Rate Limits and Pricing
GitHub Models offers generous free-tier access for experimentation, with paid tiers for production usage:
| Tier | Rate Limit | Daily Token Limit | Use Case |
|---|---|---|---|
| Free (Playground) | ~15 requests/min | ~150K tokens/day | Exploration and learning |
| Free (API) | ~15 requests/min | ~150K tokens/day | Prototyping and testing |
| Pay-as-you-go (via Azure) | Configurable | Unlimited | Production applications |
When you are ready to move from prototyping to production, GitHub Models integrates seamlessly with Azure AI. You can upgrade to pay-as-you-go pricing without changing your code — just update the endpoint and authentication to use an Azure API key instead of your GitHub token.

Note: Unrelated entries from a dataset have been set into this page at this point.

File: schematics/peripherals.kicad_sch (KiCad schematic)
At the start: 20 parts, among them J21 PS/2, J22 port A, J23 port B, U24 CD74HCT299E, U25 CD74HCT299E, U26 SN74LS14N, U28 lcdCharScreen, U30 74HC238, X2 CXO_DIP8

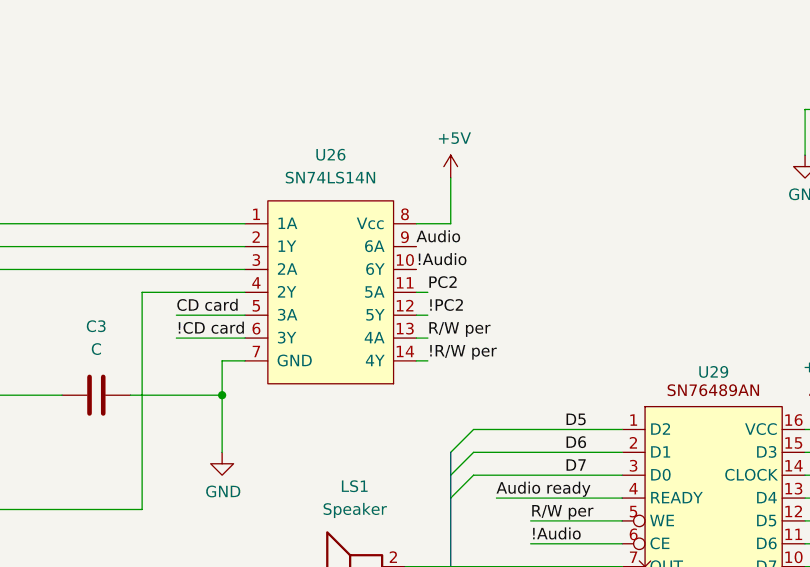
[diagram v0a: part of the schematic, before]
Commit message: Update schematics pin numbers
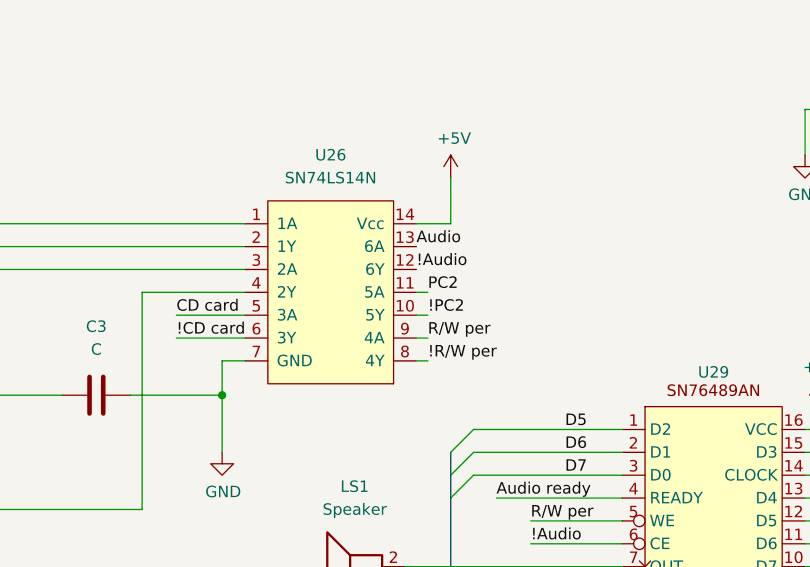
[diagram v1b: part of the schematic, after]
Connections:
- net !Audio: now also U26.12 (6Y); no longer U26.10 (6Y)
- net !PC2: now also U26.10 (5Y); no longer U26.12 (5Y)
- net !R/W per: now also U26.8 (4Y); no longer U26.14 (4Y)
- net +5V: now also U26.14 (Vcc); no longer U26.8 (Vcc)
- net Audio: now also U26.13 (6A); no longer U26.9 (6A)
- net R/W per: now also U26.9 (4A); no longer U26.13 (4A)

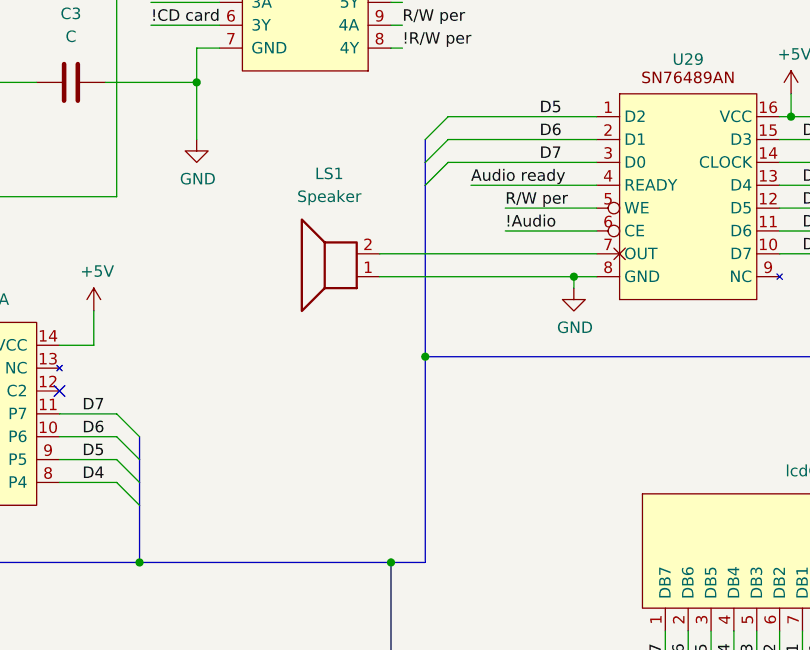
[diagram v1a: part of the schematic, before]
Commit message: Update schematics with audio amplifier
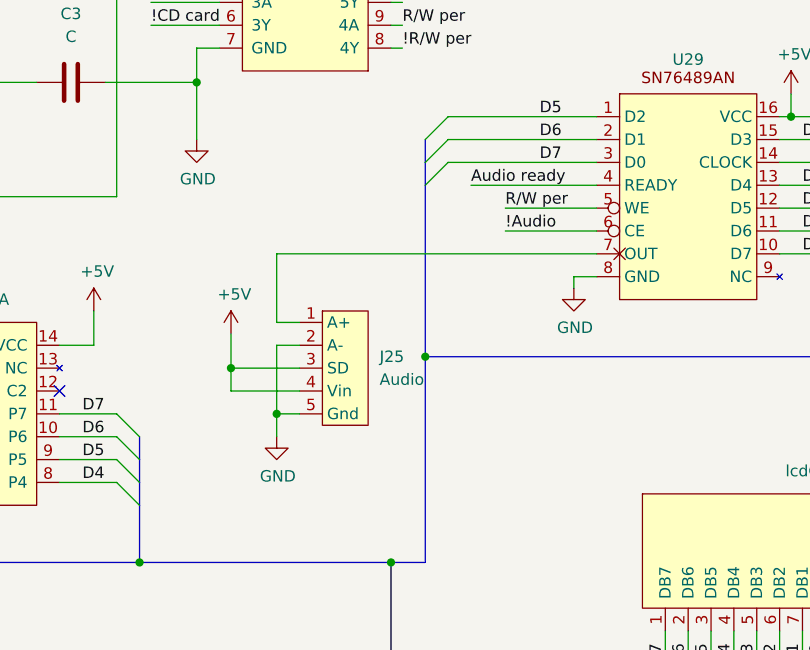
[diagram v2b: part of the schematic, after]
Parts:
- removed LS1: Speaker, symbol Device:Speaker
- added J25: Audio, symbol 6502:PAM8302A
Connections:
- net +5V: now also J25.3 (SD), J25.4 (Vin)
- net GND: now also J25.2 (A-), J25.5 (Gnd)
- net at U29.7 (OUT): now also J25.1 (A+)

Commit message: new UART support
fix schematics by adding a resistor
renaming PC/2 to correct PS/2
Updating FORTH to detect terminal connection
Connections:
- net !PC2 renamed !PS2
- net PC2 renamed PS2
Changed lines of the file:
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@@
 		)
 	)
-	(label "!PC2"
+	(label "!PS2"
 		(at 185.42 68.58 0)
 		(effects
@@
 		)
 	)
-	(label "!PC2"
+	(label "!PS2"
 		(at 48.26 58.42 0)
 		(effects
@@
 		)
 	)
-	(label "PC2"
+	(label "PS2"
 		(at 185.42 66.04 0)
 		(effects
@@
 		)
 	)
-	(label "!PC2"
+	(label "!PS2"
 		(at 48.26 106.68 0)
 		(effects
@@
 		)
 	)
-	(label "PC2"
+	(label "PS2"
 		(at 82.55 166.37 0)
 		(effects

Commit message: [ADR] 0011 autodetect peripherals
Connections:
- net at J23.6 (P2): now also J23.7 (P3)
- no-connect marks 24 -> 22

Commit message: Add resistor to clock in peripherals board
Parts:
- added R16: 68Ohm, symbol Device:R
- J24, J26, U27, U29: value ~ -> (none)
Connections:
- net PB_CLK: now reaches J24. (GND)
- net PB_CLK: now also J26.3 (CLK), R16.2
- removed net C1: J23.3 (C1), J24. (GND), J26.3 (CLK)
- new net: J23.3 (C1), R16.1

Integration with GitHub Copilot
GitHub Models connects directly to GitHub Copilot through the model switching feature. Copilot Pro and Enterprise users can select which underlying model powers their Copilot experience:
- In VS Code or JetBrains, click the Copilot model selector in the status bar
- Choose from available models like GPT-4o, Claude 3.5 Sonnet, or o1
- The selected model is used for both inline completions and Copilot Chat
- You can switch models mid-session based on your current task
This means the models you test in the GitHub Models playground are the same models you can use directly in your coding workflow through Copilot. Test a model's strengths in the playground, then select it in Copilot for your daily work.